=== Dataset excerpts ===

Segment Open

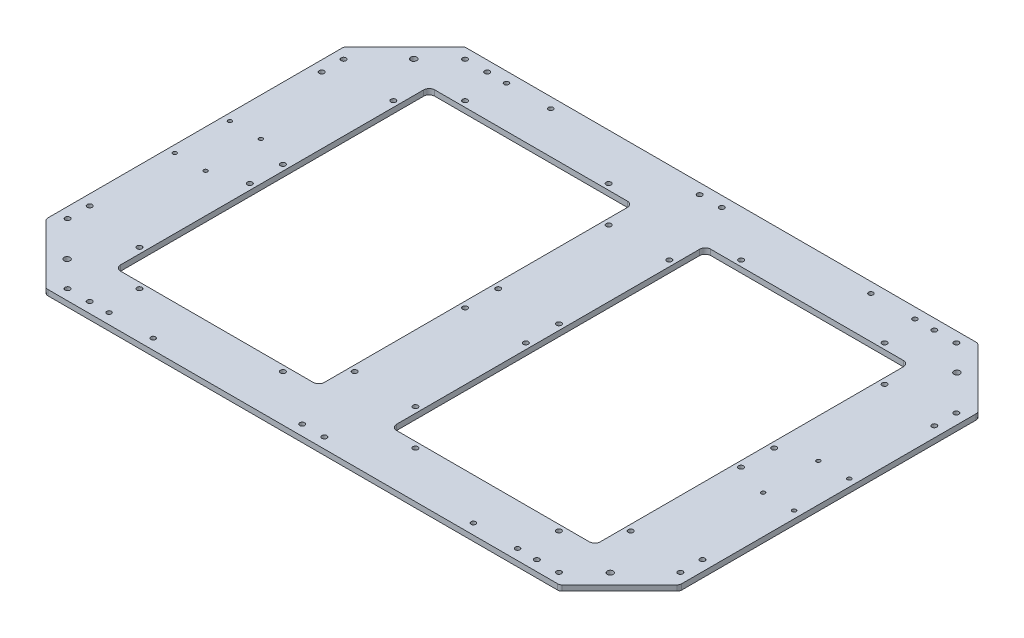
ISO-10303-21;
HEADER;
FILE_DESCRIPTION(('STEP AP214'),'2;1');
FILE_NAME('part.step','',(''),(''),'','','');
FILE_SCHEMA(('AUTOMOTIVE_DESIGN { 1 0 10303 214 1 1 1 1 }'));
ENDSEC;
DATA;
#1=APPLICATION_CONTEXT('core data for automotive mechanical design processes');
#2=APPLICATION_PROTOCOL_DEFINITION('international standard','automotive_design',2000,#1);
#3=PRODUCT_CONTEXT('',#1,'mechanical');
#4=PRODUCT('Part','Part','',(#3));
#5=PRODUCT_RELATED_PRODUCT_CATEGORY('part','',(#4));
#6=PRODUCT_DEFINITION_FORMATION('','',#4);
#7=PRODUCT_DEFINITION_CONTEXT('part definition',#1,'design');
#8=PRODUCT_DEFINITION('design','',#6,#7);
#9=PRODUCT_DEFINITION_SHAPE('','',#8);
#10=(LENGTH_UNIT() NAMED_UNIT(*) SI_UNIT(.MILLI.,.METRE.));
#11=(NAMED_UNIT(*) PLANE_ANGLE_UNIT() SI_UNIT($,.RADIAN.));
#12=(NAMED_UNIT(*) SI_UNIT($,.STERADIAN.) SOLID_ANGLE_UNIT());
#13=UNCERTAINTY_MEASURE_WITH_UNIT(LENGTH_MEASURE(1.E-05),#10,'distance_accuracy_value','');
#14=(GEOMETRIC_REPRESENTATION_CONTEXT(3) GLOBAL_UNCERTAINTY_ASSIGNED_CONTEXT((#13)) GLOBAL_UNIT_ASSIGNED_CONTEXT((#10,
#11,#12)) REPRESENTATION_CONTEXT('',''));
#15=CARTESIAN_POINT('',(0.,0.,0.));
#16=DIRECTION('',(0.,0.,1.));
#17=DIRECTION('',(1.,0.,0.));
#18=AXIS2_PLACEMENT_3D('',#15,#16,#17);
#19=CARTESIAN_POINT('',(0.,0.,0.));
#20=DIRECTION('',(0.,1.,0.));
#21=DIRECTION('',(0.,0.,1.));
#22=AXIS2_PLACEMENT_3D('',#19,#20,#21);
#23=PLANE('',#22);
#24=CARTESIAN_POINT('',(-370.,0.,360.));
#25=DIRECTION('',(0.,-1.,0.));
#26=DIRECTION('',(0.,0.,-1.));
#27=AXIS2_PLACEMENT_3D('',#24,#25,#26);
#28=CIRCLE('',#27,4.19999999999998);
#29=CARTESIAN_POINT('',(-370.,0.,355.8));
#30=VERTEX_POINT('',#29);
#31=EDGE_CURVE('E931',#30,#30,#28,.T.);
#32=ORIENTED_EDGE('',*,*,#31,.F.);
#33=EDGE_LOOP('',(#32));
#34=FACE_BOUND('',#33,.T.);
#35=CARTESIAN_POINT('',(-290.,0.,360.));
#36=DIRECTION('',(0.,-1.,0.));
#37=DIRECTION('',(0.,0.,-1.));
#38=AXIS2_PLACEMENT_3D('',#35,#36,#37);
#39=CIRCLE('',#38,4.19999999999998);
#40=CARTESIAN_POINT('',(-290.,0.,355.8));
#41=VERTEX_POINT('',#40);
#42=EDGE_CURVE('E937',#41,#41,#39,.T.);
#43=ORIENTED_EDGE('',*,*,#42,.F.);
#44=EDGE_LOOP('',(#43));
#45=FACE_BOUND('',#44,.T.);
#46=CARTESIAN_POINT('',(370.,0.,360.));
#47=DIRECTION('',(0.,-1.,0.));
#48=DIRECTION('',(0.,0.,-1.));
#49=AXIS2_PLACEMENT_3D('',#46,#47,#48);
#50=CIRCLE('',#49,4.19999999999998);
#51=CARTESIAN_POINT('',(370.,0.,355.8));
#52=VERTEX_POINT('',#51);
#53=EDGE_CURVE('E943',#52,#52,#50,.T.);
#54=ORIENTED_EDGE('',*,*,#53,.F.);
#55=EDGE_LOOP('',(#54));
#56=FACE_BOUND('',#55,.T.);
#57=CARTESIAN_POINT('',(290.,0.,360.));
#58=DIRECTION('',(0.,-1.,0.));
#59=DIRECTION('',(0.,0.,-1.));
#60=AXIS2_PLACEMENT_3D('',#57,#58,#59);
#61=CIRCLE('',#60,4.19999999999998);
#62=CARTESIAN_POINT('',(290.,0.,355.8));
#63=VERTEX_POINT('',#62);
#64=EDGE_CURVE('E949',#63,#63,#61,.T.);
#65=ORIENTED_EDGE('',*,*,#64,.F.);
#66=EDGE_LOOP('',(#65));
#67=FACE_BOUND('',#66,.T.);
#68=CARTESIAN_POINT('',(55.,0.,230.));
#69=DIRECTION('',(0.,-1.,0.));
#70=DIRECTION('',(0.,0.,-1.));
#71=AXIS2_PLACEMENT_3D('',#68,#69,#70);
#72=CIRCLE('',#71,4.5);
#73=CARTESIAN_POINT('',(55.,0.,225.5));
#74=VERTEX_POINT('',#73);
#75=EDGE_CURVE('E955',#74,#74,#72,.T.);
#76=ORIENTED_EDGE('',*,*,#75,.F.);
#77=EDGE_LOOP('',(#76));
#78=FACE_BOUND('',#77,.T.);
#79=CARTESIAN_POINT('',(120.,0.,295.));
#80=DIRECTION('',(0.,-1.,0.));
#81=DIRECTION('',(0.,0.,-1.));
#82=AXIS2_PLACEMENT_3D('',#79,#80,#81);
#83=CIRCLE('',#82,4.5);
#84=CARTESIAN_POINT('',(120.,0.,290.5));
#85=VERTEX_POINT('',#84);
#86=EDGE_CURVE('E961',#85,#85,#83,.T.);
#87=ORIENTED_EDGE('',*,*,#86,.F.);
#88=EDGE_LOOP('',(#87));
#89=FACE_BOUND('',#88,.T.);
#90=CARTESIAN_POINT('',(380.,0.,295.));
#91=DIRECTION('',(0.,-1.,0.));
#92=DIRECTION('',(0.,0.,-1.));
#93=AXIS2_PLACEMENT_3D('',#90,#91,#92);
#94=CIRCLE('',#93,4.5);
#95=CARTESIAN_POINT('',(380.,0.,290.5));
#96=VERTEX_POINT('',#95);
#97=EDGE_CURVE('E967',#96,#96,#94,.T.);
#98=ORIENTED_EDGE('',*,*,#97,.F.);
#99=EDGE_LOOP('',(#98));
#100=FACE_BOUND('',#99,.T.);
#101=CARTESIAN_POINT('',(445.,0.,230.));
#102=DIRECTION('',(0.,-1.,0.));
#103=DIRECTION('',(0.,0.,-1.));
#104=AXIS2_PLACEMENT_3D('',#101,#102,#103);
#105=CIRCLE('',#104,4.5);
#106=CARTESIAN_POINT('',(445.,0.,225.5));
#107=VERTEX_POINT('',#106);
#108=EDGE_CURVE('E973',#107,#107,#105,.T.);
#109=ORIENTED_EDGE('',*,*,#108,.F.);
#110=EDGE_LOOP('',(#109));
#111=FACE_BOUND('',#110,.T.);
#112=CARTESIAN_POINT('',(445.,0.,30.));
#113=DIRECTION('',(0.,-1.,0.));
#114=DIRECTION('',(0.,0.,-1.));
#115=AXIS2_PLACEMENT_3D('',#112,#113,#114);
#116=CIRCLE('',#115,4.5);
#117=CARTESIAN_POINT('',(445.,0.,25.5));
#118=VERTEX_POINT('',#117);
#119=EDGE_CURVE('E979',#118,#118,#116,.T.);
#120=ORIENTED_EDGE('',*,*,#119,.F.);
#121=EDGE_LOOP('',(#120));
#122=FACE_BOUND('',#121,.T.);
#123=CARTESIAN_POINT('',(445.,0.,-30.));
#124=DIRECTION('',(0.,-1.,0.));
#125=DIRECTION('',(0.,0.,-1.));
#126=AXIS2_PLACEMENT_3D('',#123,#124,#125);
#127=CIRCLE('',#126,4.5);
#128=CARTESIAN_POINT('',(445.,0.,-34.5));
#129=VERTEX_POINT('',#128);
#130=EDGE_CURVE('E985',#129,#129,#127,.T.);
#131=ORIENTED_EDGE('',*,*,#130,.F.);
#132=EDGE_LOOP('',(#131));
#133=FACE_BOUND('',#132,.T.);
#134=CARTESIAN_POINT('',(445.,0.,-230.));
#135=DIRECTION('',(0.,-1.,0.));
#136=DIRECTION('',(0.,0.,-1.));
#137=AXIS2_PLACEMENT_3D('',#134,#135,#136);
#138=CIRCLE('',#137,4.5);
#139=CARTESIAN_POINT('',(445.,0.,-234.5));
#140=VERTEX_POINT('',#139);
#141=EDGE_CURVE('E991',#140,#140,#138,.T.);
#142=ORIENTED_EDGE('',*,*,#141,.F.);
#143=EDGE_LOOP('',(#142));
#144=FACE_BOUND('',#143,.T.);
#145=CARTESIAN_POINT('',(380.,0.,-295.));
#146=DIRECTION('',(0.,-1.,0.));
#147=DIRECTION('',(0.,0.,-1.));
#148=AXIS2_PLACEMENT_3D('',#145,#146,#147);
#149=CIRCLE('',#148,4.5);
#150=CARTESIAN_POINT('',(380.,0.,-299.5));
#151=VERTEX_POINT('',#150);
#152=EDGE_CURVE('E997',#151,#151,#149,.T.);
#153=ORIENTED_EDGE('',*,*,#152,.F.);
#154=EDGE_LOOP('',(#153));
#155=FACE_BOUND('',#154,.T.);
#156=CARTESIAN_POINT('',(120.,0.,-295.));
#157=DIRECTION('',(0.,-1.,0.));
#158=DIRECTION('',(0.,0.,-1.));
#159=AXIS2_PLACEMENT_3D('',#156,#157,#158);
#160=CIRCLE('',#159,4.5);
#161=CARTESIAN_POINT('',(120.,0.,-299.5));
#162=VERTEX_POINT('',#161);
#163=EDGE_CURVE('E1003',#162,#162,#160,.T.);
#164=ORIENTED_EDGE('',*,*,#163,.F.);
#165=EDGE_LOOP('',(#164));
#166=FACE_BOUND('',#165,.T.);
#167=CARTESIAN_POINT('',(55.,0.,-230.));
#168=DIRECTION('',(0.,-1.,0.));
#169=DIRECTION('',(0.,0.,-1.));
#170=AXIS2_PLACEMENT_3D('',#167,#168,#169);
#171=CIRCLE('',#170,4.5);
#172=CARTESIAN_POINT('',(55.,0.,-234.5));
#173=VERTEX_POINT('',#172);
#174=EDGE_CURVE('E1009',#173,#173,#171,.T.);
#175=ORIENTED_EDGE('',*,*,#174,.F.);
#176=EDGE_LOOP('',(#175));
#177=FACE_BOUND('',#176,.T.);
#178=CARTESIAN_POINT('',(55.,0.,-30.));
#179=DIRECTION('',(0.,-1.,0.));
#180=DIRECTION('',(0.,0.,-1.));
#181=AXIS2_PLACEMENT_3D('',#178,#179,#180);
#182=CIRCLE('',#181,4.5);
#183=CARTESIAN_POINT('',(55.,0.,-34.5));
#184=VERTEX_POINT('',#183);
#185=EDGE_CURVE('E1015',#184,#184,#182,.T.);
#186=ORIENTED_EDGE('',*,*,#185,.F.);
#187=EDGE_LOOP('',(#186));
#188=FACE_BOUND('',#187,.T.);
#189=CARTESIAN_POINT('',(54.9999999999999,0.,30.));
#190=DIRECTION('',(0.,-1.,0.));
#191=DIRECTION('',(0.,0.,-1.));
#192=AXIS2_PLACEMENT_3D('',#189,#190,#191);
#193=CIRCLE('',#192,4.5);
#194=CARTESIAN_POINT('',(54.9999999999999,0.,25.5));
#195=VERTEX_POINT('',#194);
#196=EDGE_CURVE('E1020',#195,#195,#193,.T.);
#197=ORIENTED_EDGE('',*,*,#196,.F.);
#198=EDGE_LOOP('',(#197));
#199=FACE_BOUND('',#198,.T.);
#200=DIRECTION('',(-1.,0.,0.));
#201=VECTOR('',#200,1.);
#202=CARTESIAN_POINT('',(424.5,0.,284.5));
#203=LINE('',#202,#201);
#204=CARTESIAN_POINT('',(424.5,0.,284.5));
#205=VERTEX_POINT('',#204);
#206=CARTESIAN_POINT('',(75.5,0.,284.5));
#207=VERTEX_POINT('',#206);
#208=EDGE_CURVE('E282',#205,#207,#203,.T.);
#209=ORIENTED_EDGE('',*,*,#208,.F.);
#210=CARTESIAN_POINT('',(424.5,0.,274.5));
#211=DIRECTION('',(0.,-1.,0.));
#212=DIRECTION('',(0.,0.,1.));
#213=AXIS2_PLACEMENT_3D('',#210,#211,#212);
#214=CIRCLE('',#213,10.);
#215=CARTESIAN_POINT('',(434.5,0.,274.5));
#216=VERTEX_POINT('',#215);
#217=EDGE_CURVE('E54',#216,#205,#214,.T.);
#218=ORIENTED_EDGE('',*,*,#217,.F.);
#219=DIRECTION('',(0.,0.,1.));
#220=VECTOR('',#219,1.);
#221=CARTESIAN_POINT('',(434.5,0.,-274.5));
#222=LINE('',#221,#220);
#223=CARTESIAN_POINT('',(434.5,0.,-274.5));
#224=VERTEX_POINT('',#223);
#225=EDGE_CURVE('E259',#224,#216,#222,.T.);
#226=ORIENTED_EDGE('',*,*,#225,.F.);
#227=CARTESIAN_POINT('',(424.5,0.,-274.5));
#228=DIRECTION('',(0.,-1.,0.));
#229=DIRECTION('',(0.,0.,1.));
#230=AXIS2_PLACEMENT_3D('',#227,#228,#229);
#231=CIRCLE('',#230,10.);
#232=CARTESIAN_POINT('',(424.5,0.,-284.5));
#233=VERTEX_POINT('',#232);
#234=EDGE_CURVE('E262',#233,#224,#231,.T.);
#235=ORIENTED_EDGE('',*,*,#234,.F.);
#236=DIRECTION('',(1.,0.,0.));
#237=VECTOR('',#236,1.);
#238=CARTESIAN_POINT('',(424.5,0.,-284.5));
#239=LINE('',#238,#237);
#240=CARTESIAN_POINT('',(75.5,0.,-284.5));
#241=VERTEX_POINT('',#240);
#242=EDGE_CURVE('E293',#241,#233,#239,.T.);
#243=ORIENTED_EDGE('',*,*,#242,.F.);
#244=CARTESIAN_POINT('',(75.5,0.,-274.5));
#245=DIRECTION('',(0.,-1.,0.));
#246=DIRECTION('',(0.,0.,1.));
#247=AXIS2_PLACEMENT_3D('',#244,#245,#246);
#248=CIRCLE('',#247,9.99999999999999);
#249=CARTESIAN_POINT('',(65.5,0.,-274.5));
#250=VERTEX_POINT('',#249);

Segment Closed

Please transcribe only the lines in the records above running from the line that has "#90=CARTESIAN_POINT('',(380.,0.,295.));" through the line that has "#119=EDGE_CURVE('E979',#118,#118,#116,.T.);", both included, exactly as they appear.

#90=CARTESIAN_POINT('',(380.,0.,295.));
#91=DIRECTION('',(0.,-1.,0.));
#92=DIRECTION('',(0.,0.,-1.));
#93=AXIS2_PLACEMENT_3D('',#90,#91,#92);
#94=CIRCLE('',#93,4.5);
#95=CARTESIAN_POINT('',(380.,0.,290.5));
#96=VERTEX_POINT('',#95);
#97=EDGE_CURVE('E967',#96,#96,#94,.T.);
#98=ORIENTED_EDGE('',*,*,#97,.F.);
#99=EDGE_LOOP('',(#98));
#100=FACE_BOUND('',#99,.T.);
#101=CARTESIAN_POINT('',(445.,0.,230.));
#102=DIRECTION('',(0.,-1.,0.));
#103=DIRECTION('',(0.,0.,-1.));
#104=AXIS2_PLACEMENT_3D('',#101,#102,#103);
#105=CIRCLE('',#104,4.5);
#106=CARTESIAN_POINT('',(445.,0.,225.5));
#107=VERTEX_POINT('',#106);
#108=EDGE_CURVE('E973',#107,#107,#105,.T.);
#109=ORIENTED_EDGE('',*,*,#108,.F.);
#110=EDGE_LOOP('',(#109));
#111=FACE_BOUND('',#110,.T.);
#112=CARTESIAN_POINT('',(445.,0.,30.));
#113=DIRECTION('',(0.,-1.,0.));
#114=DIRECTION('',(0.,0.,-1.));
#115=AXIS2_PLACEMENT_3D('',#112,#113,#114);
#116=CIRCLE('',#115,4.5);
#117=CARTESIAN_POINT('',(445.,0.,25.5));
#118=VERTEX_POINT('',#117);
#119=EDGE_CURVE('E979',#118,#118,#116,.T.);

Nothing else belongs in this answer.